Some similarities are readily apparent — Charles Burchfield’s “Study of Bats in Flight” (c. 1954-63) bears comparison with Gorey’s bat-embellished set designs for the Broadway production of “Dracula” (1977). The depiction of figures in a cave, seen from behind, from the American folk art sandpaper drawing “The Magic Lake” (c. 1850) strongly resembles a scene from Gorey’s wordless tale “The Prune People” (1983). Gorey’s own book “The Lavender Leotard” (1973) is (ostensibly autobiographically) subtitled “Going a Lot to the New York City Ballet.” Others are subtler — many of Gorey’s settings resonate with the artwork he collected such as the eerily vacant land and streetscape photographs of Eugène Atget.

Public Program Highlights

DOMA is open seven days a week, and admission always free. See bsu.edu/DOMA for hours, exhibitions, and other programs events for children and adults. Upcoming public programs include:

September 28 and October 26, from 6-9 p.m.: Final Fridays — free programs with refreshments, demonstrations, and PechaKucha talks — inspired by “Gorey’s Worlds.”

October 11, 6 p.m.: Erin Monroe, curator of “Gorey’s Worlds,” will give a richly illustrated talk about the artist and the special exhibition.

December 8, 2:30 p.m.: Free, docent-led tour of “Gorey’s Worlds.”


Exhibition Support
Major support provided by Connecticut Humanities, the Edward C. and Ann T. Roberts Foundation, and Clifford Ross. Additional support provided by James B. Lyon, IFPDA Foundation, and Robert and Sharon Smith.

Program support provided in part by the Richard P. Garmany Fund at the Hartford Foundation for Public Giving. Support for the Wadsworth Atheneum provided in part by Newman’s Own Foundation and the Greater Hartford Arts Council’s United Arts Campaign.

This special exhibition was brought to Ball State University by support from the Friends of the David Owsley Museum of Art.

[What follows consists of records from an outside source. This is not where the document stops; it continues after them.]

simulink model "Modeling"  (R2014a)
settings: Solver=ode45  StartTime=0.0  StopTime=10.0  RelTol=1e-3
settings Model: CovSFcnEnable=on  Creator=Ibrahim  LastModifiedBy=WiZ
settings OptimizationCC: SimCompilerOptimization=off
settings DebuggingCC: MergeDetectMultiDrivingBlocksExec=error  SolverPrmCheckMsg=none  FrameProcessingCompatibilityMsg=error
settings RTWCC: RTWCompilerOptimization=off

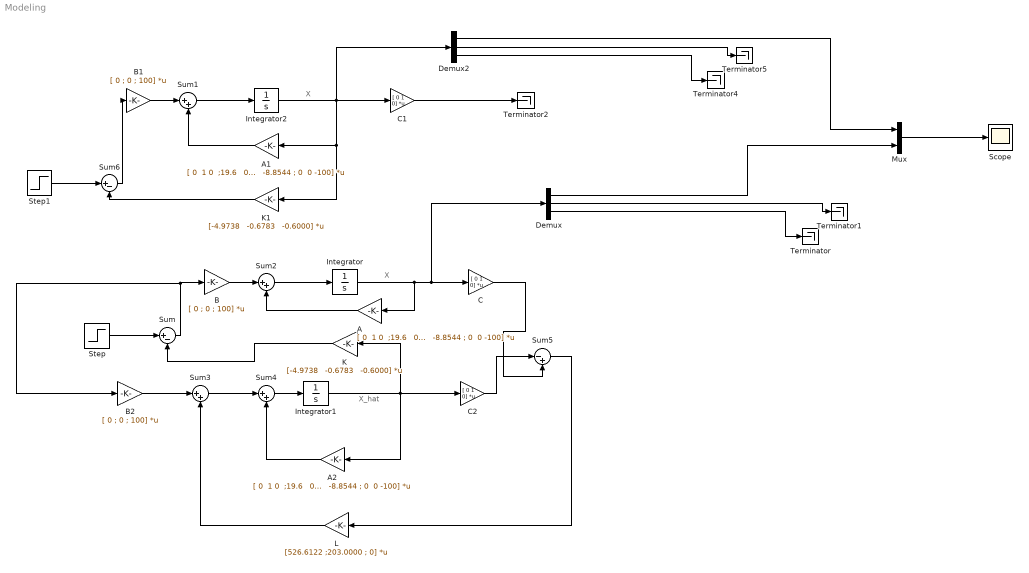
== system Modeling ==
  note: X
  note: X_hat
  note: X
  A : Gain  Gain=|  Multiplication=Matrix(K*u)
      | [ 0  1 0  ;19.6   0   -8.8544
      | ; 0  0 -100]
  A1 : Gain  Gain=|  Multiplication=Matrix(K*u)
      | [ 0  1 0  ;19.6   0   -8.8544
      | ; 0  0 -100]
  A2 : Gain  Gain=|  Multiplication=Matrix(K*u)
      | [ 0  1 0  ;19.6   0   -8.8544
      | ; 0  0 -100]
  B : Gain  Gain=|  Multiplication=Matrix(K*u)
      | [ 0
      | ; 0
      | ; 100]
  B1 : Gain  Gain=|  Multiplication=Matrix(K*u)
      | [ 0
      | ; 0
      | ; 100]
  B2 : Gain  Gain=|  Multiplication=Matrix(K*u)
      | [ 0
      | ; 0
      | ; 100]
  C : Gain  Gain="[ 0     1     0]"  Multiplication=Matrix(K*u)
  C1 : Gain  Gain="[ 0     1     0]"  Multiplication=Matrix(K*u)
  C2 : Gain  Gain="[ 0     1     0]"  Multiplication=Matrix(K*u)
  Demux : Demux  Outputs=3
  Demux2 : Demux  Outputs=3
  Integrator : Integrator  InitialCondition=[0.05;0.05;0.05]
  Integrator1 : Integrator  InitialCondition=[0.15;0.15;0.15]
  Integrator2 : Integrator  InitialCondition=[0.05;0.05;0.05]
  K : Gain  Gain="[-4.9738   -0.6783   -0.6000]"  Multiplication=Matrix(K*u)
  K1 : Gain  Gain="[-4.9738   -0.6783   -0.6000]"  Multiplication=Matrix(K*u)
  L : Gain  Gain=|  Multiplication=Matrix(K*u) (u vector)
      | [526.6122
      | ;203.0000
      | ; 0]
  Mux : Mux  Inputs=2
  Scope : Scope
      settings: YMin=-0.00625017  YMax=0.05625
  Step : Step  Time=0  After=0  SampleTime=0
  Step1 : Step  Time=0  After=0  SampleTime=0
  Sum : Sum  Inputs=|+-
  Sum{1..4} (4 alike) : Sum  Inputs=|++
  Sum5 : Sum  Inputs=|-+
  Sum6 : Sum  Inputs=|+-
  Terminator{,1..2,4..5} (5 alike) : Terminator
  wires:
  Step/1 -> Sum/1
  B/1 -> Sum2/1
  Sum2/1 -> Integrator/1
  A/1 -> Sum2/2
  K/1 -> Sum/2
  Sum/1 -> B/1, B2/1
  Sum4/1 -> Integrator1/1
  A2/1 -> Sum4/2
  L/1 -> Sum3/2
  B2/1 -> Sum3/1
  Sum3/1 -> Sum4/1
  C2/1 -> Sum5/1
  C/1 -> Sum5/2
  Demux/3 -> Terminator/1
  Demux/2 -> Terminator1/1
  Mux/1 -> Scope/1
  Integrator/1 -> Demux/1, C/1, A/1
  Integrator1/1 -> K/1, A2/1, C2/1
  Sum5/1 -> L/1
  Demux/1 -> Mux/2
  B1/1 -> Sum1/1
  Sum1/1 -> Integrator2/1
  A1/1 -> Sum1/2
  Sum6/1 -> B1/1
  Step1/1 -> Sum6/1
  Integrator2/1 -> K1/1, A1/1, Demux2/1, C1/1
  K1/1 -> Sum6/2
  Demux2/3 -> Terminator4/1
  Demux2/2 -> Terminator5/1
  Demux2/1 -> Mux/1
  C1/1 -> Terminator2/1
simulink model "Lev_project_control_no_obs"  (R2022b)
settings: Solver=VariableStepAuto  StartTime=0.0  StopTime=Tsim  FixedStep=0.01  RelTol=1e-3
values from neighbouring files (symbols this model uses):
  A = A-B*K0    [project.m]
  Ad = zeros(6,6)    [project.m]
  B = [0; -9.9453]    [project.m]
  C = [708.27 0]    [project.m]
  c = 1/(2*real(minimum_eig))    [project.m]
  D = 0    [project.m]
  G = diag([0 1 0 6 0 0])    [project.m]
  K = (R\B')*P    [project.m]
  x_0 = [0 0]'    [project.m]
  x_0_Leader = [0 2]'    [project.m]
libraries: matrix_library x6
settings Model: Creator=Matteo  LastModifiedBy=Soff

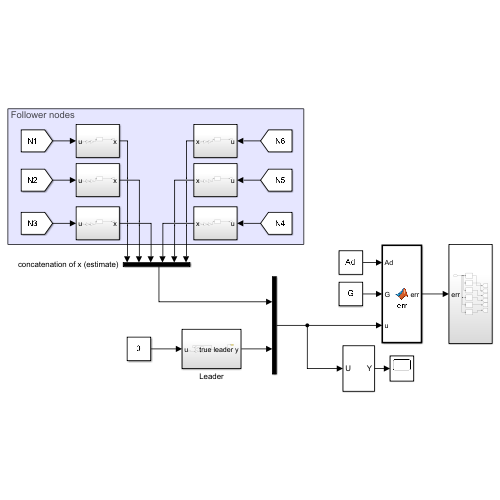
[thumbnail: Simulink's stored preview of the top-level diagram]
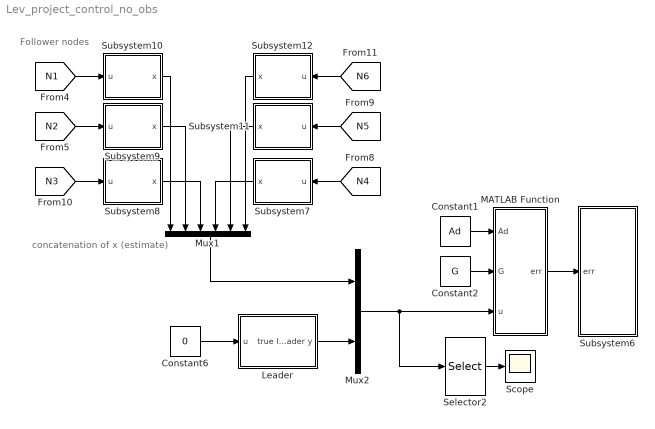
== system Lev_project_control_no_obs ==
  note: concatenation of x (estimate)
  note: Follower nodes
  Constant1 : Constant  Value=Ad
  Constant2 : Constant  Value=G
  Constant6 : Constant  Value=0
  Leader : Subsystem
  MATLAB Function : MATLAB Function  TreatAsAtomicUnit=on
  Mux1 : Mux  Inputs=6
  Mux2 : Mux  Inputs=2
  Scope : Scope
  Selector2 : Selector  InputPortWidth=14  IndexOptions=Index vector (dialog)  Indices=[1 3 5 7 9 11 13]  OutputSizes=1
  Subsystem10 : Subsystem
  Subsystem11 : Subsystem
  Subsystem12 : Subsystem
  Subsystem6 : Subsystem
  Subsystem7 : Subsystem
  Subsystem8 : Subsystem
  Subsystem9 : Subsystem
  wires:
  Selector2/1 -> Scope/1
  Constant1/1 -> MATLAB Function/1(Ad)
  Constant2/1 -> MATLAB Function/2(G)
  Mux2/1 -> Selector2/1, MATLAB Function/3(u)
  Leader/1(true leader y) -> Mux2/2
  MATLAB Function/1(err) -> Subsystem6/1(err)
  [N1] -> Subsystem10/1(u)
  [N4] -> Subsystem7/1(u)
  [N2] -> Subsystem9/1(u)
  [N3] -> Subsystem8/1(u)
  [N5] -> Subsystem11/1(u)
  [N6] -> Subsystem12/1(u)
  Subsystem10/1(x) -> Mux1/1
  Constant6/1 -> Leader/1(u)
  Subsystem9/1(x) -> Mux1/2
  Subsystem8/1(x) -> Mux1/3
  Subsystem7/1(x) -> Mux1/4
  Subsystem11/1(x) -> Mux1/5
  Subsystem12/1(x) -> Mux1/6
  Mux1/1 -> Mux2/1

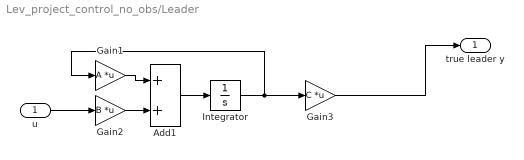
== system Lev_project_control_no_obs/Leader ==
  u : Inport
  Add1 : Sum
  Gain1 : Gain  Gain=A  Multiplication=Matrix(K*u)
  Gain2 : Gain  Gain=B  Multiplication=Matrix(K*u)
  Gain3 : Gain  Gain=C  Multiplication=Matrix(K*u)
  Integrator : Integrator  InitialCondition=x_0_Leader
  true leader y : Outport
  wires:
  Gain3/1 -> true leader y/1
  Gain1/1 -> Add1/1
  Gain2/1 -> Add1/2
  Add1/1 -> Integrator/1
  Integrator/1 -> Gain1/1, Gain3/1
  u/1 -> Gain2/1

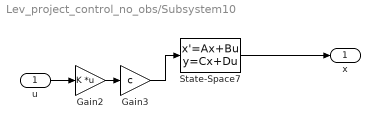
== system Lev_project_control_no_obs/Subsystem10 ==
  u : Inport
  Gain2 : Gain  Gain=K  Multiplication=Matrix(K*u)
  Gain3 : Gain  Gain=c
  State-Space7 : StateSpace  A=A  B=B  C=C  D=D  InitialCondition=x_0
  x : Outport
  wires:
  State-Space7/1 -> x/1
  u/1 -> Gain2/1
  Gain2/1 -> Gain3/1
  Gain3/1 -> State-Space7/1

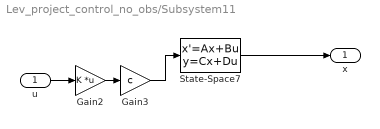
== system Lev_project_control_no_obs/Subsystem11 ==
  u : Inport
  Gain2 : Gain  Gain=K  Multiplication=Matrix(K*u)
  Gain3 : Gain  Gain=c
  State-Space7 : StateSpace  A=A  B=B  C=C  D=D  InitialCondition=x_0
  x : Outport
  wires:
  State-Space7/1 -> x/1
  Gain2/1 -> Gain3/1
  u/1 -> Gain2/1
  Gain3/1 -> State-Space7/1

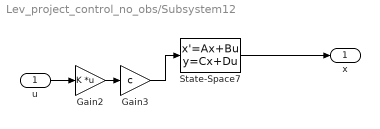
== system Lev_project_control_no_obs/Subsystem12 ==
  u : Inport
  Gain2 : Gain  Gain=K  Multiplication=Matrix(K*u)
  Gain3 : Gain  Gain=c
  State-Space7 : StateSpace  A=A  B=B  C=C  D=D  InitialCondition=x_0
  x : Outport
  wires:
  State-Space7/1 -> x/1
  Gain2/1 -> Gain3/1
  u/1 -> Gain2/1
  Gain3/1 -> State-Space7/1

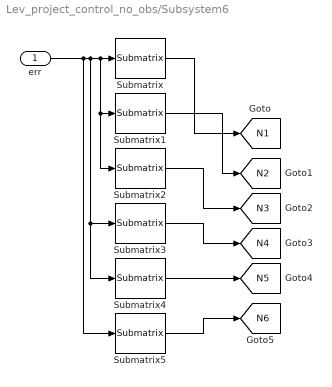
== system Lev_project_control_no_obs/Subsystem6 ==
  err : Inport
  Submatrix : matrix_library/Submatrix  RowSpan=All rows  RowStartMode=First  RowStartIndex=1  RowEndMode=Last  RowEndIndex=1  ColSpan=One column  ColStartMode=Index  ColStartIndex=1  ColEndMode=Last  ColEndIndex=1
  Submatrix1 : matrix_library/Submatrix  RowSpan=All rows  RowStartMode=First  RowStartIndex=1  RowEndMode=Last  RowEndIndex=1  ColSpan=One column  ColStartMode=Index  ColStartIndex=2  ColEndMode=Last  ColEndIndex=1
  Submatrix2 : matrix_library/Submatrix  RowSpan=All rows  RowStartMode=First  RowStartIndex=1  RowEndMode=Last  RowEndIndex=1  ColSpan=One column  ColStartMode=Index  ColStartIndex=3  ColEndMode=Last  ColEndIndex=1
  Submatrix3 : matrix_library/Submatrix  RowSpan=All rows  RowStartMode=First  RowStartIndex=1  RowEndMode=Last  RowEndIndex=1  ColSpan=One column  ColStartMode=Index  ColStartIndex=4  ColEndMode=Last  ColEndIndex=1
  Submatrix4 : matrix_library/Submatrix  RowSpan=All rows  RowStartMode=First  RowStartIndex=1  RowEndMode=Last  RowEndIndex=1  ColSpan=One column  ColStartMode=Index  ColStartIndex=5  ColEndMode=Last  ColEndIndex=1
  Submatrix5 : matrix_library/Submatrix  RowSpan=All rows  RowStartMode=First  RowStartIndex=1  RowEndMode=Last  RowEndIndex=1  ColSpan=One column  ColStartMode=Index  ColStartIndex=6  ColEndMode=Last  ColEndIndex=1
  tag scope: N1=global, N2=global, N3=global, N4=global, N5=global, N6=global
  wires:
  Submatrix4/1 -> [N5]
  Submatrix/1 -> [N1]
  Submatrix3/1 -> [N4]
  err/1 -> Submatrix5/1, Submatrix3/1, Submatrix4/1, Submatrix1/1, Submatrix2/1, Submatrix/1
  Submatrix5/1 -> [N6]
  Submatrix2/1 -> [N3]
  Submatrix1/1 -> [N2]

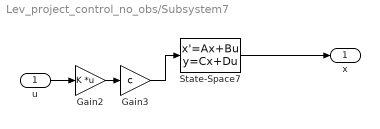
== system Lev_project_control_no_obs/Subsystem7 ==
  u : Inport
  Gain2 : Gain  Gain=K  Multiplication=Matrix(K*u)
  Gain3 : Gain  Gain=c
  State-Space7 : StateSpace  A=A  B=B  C=C  D=D  InitialCondition=x_0
  x : Outport
  wires:
  State-Space7/1 -> x/1
  Gain2/1 -> Gain3/1
  u/1 -> Gain2/1
  Gain3/1 -> State-Space7/1

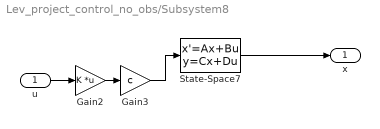
== system Lev_project_control_no_obs/Subsystem8 ==
  u : Inport
  Gain2 : Gain  Gain=K  Multiplication=Matrix(K*u)
  Gain3 : Gain  Gain=c
  State-Space7 : StateSpace  A=A  B=B  C=C  D=D  InitialCondition=x_0
  x : Outport
  wires:
  State-Space7/1 -> x/1
  Gain2/1 -> Gain3/1
  u/1 -> Gain2/1
  Gain3/1 -> State-Space7/1

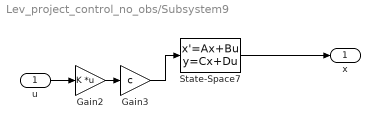
== system Lev_project_control_no_obs/Subsystem9 ==
  u : Inport
  Gain2 : Gain  Gain=K  Multiplication=Matrix(K*u)
  Gain3 : Gain  Gain=c
  State-Space7 : StateSpace  A=A  B=B  C=C  D=D  InitialCondition=x_0
  x : Outport
  wires:
  State-Space7/1 -> x/1
  Gain2/1 -> Gain3/1
  u/1 -> Gain2/1
  Gain3/1 -> State-Space7/1

== matlab function Lev_project_control_no_obs/MATLAB Function ==
  data: Ad input; G input; u input; err output
function err = err(Ad,G,u)

% state dimension (single node)
n = 2;

% number of follower nodes
m = 6;

x=zeros(n,m+1);

tmp = u';

for j = 1:m+1
    for i = 1:n
        x(i,j) = tmp(1);
        tmp = circshift(tmp,[0 -1]);
    end
%     x(:,j)
end

err = zeros(n,m);
for i = 1:m
%     err(:,i) = zeros(n,1);
    for x_component = 1:n
        %(x(x_component,m+1)-x(x_component,i))
        for j = 1:m
            err(x_component,i) = err(x_component,i) + Ad(i,j)*(x(x_component,j)-x(x_component,i));
        end
        
        err(x_component,i) = err(x_component,i) + G(i,i)*(x(x_component,m+1)-x(x_component,i));
    end
end

Unless otherwise noted, the works of Edward Gorey in this exhibition have been provided by the Edward Gorey Charitable Trust.


About the Wadsworth Atheneum Museum of Art

Founded in 1842, the Wadsworth Atheneum Museum of Art is the oldest continuously operating public art museum in the United States. The museum’s nearly 50,000 works of art span 5,000 years, from Greek and Roman antiquities to the first museum collection of American contemporary art. The Wadsworth Atheneum’s five connected buildings—representing architectural styles from Gothic Revival to modern International Style—are located at 600 Main Street in Hartford, Connecticut. Website: thewadsworth.org.


About the David Owsley Museum of Art at Ball State University
2021 W. Riverside Avenue, Muncie, Indiana

The David Owsley Museum of Art at Ball State University houses a world art collection with over 11,000 works from Africa, Asia, the Pacific Islands, Europe, and the Americas. DOMA cultivates lifelong learning and recreation in the visual arts through exciting interdisciplinary art exhibitions with engaging displays of the permanent collection in an educational environment that serves both the University and the East Central Indiana region. Website: bsu.edu/DOMA

Admission to the David Owsley Museum of Art is free and open to the public year-round. Free tours are also available for groups. Parking is available at the McKinley Parking Garage and MITS stops are nearby.

Visitor hours are:
Monday-Friday, 9 a.m. to 4:30 p.m.
Saturday-Sunday, 1:30 to 4:30 p.m.

DOMA is located in the Fine Arts Building on the northern side of Ball State University’s Quad.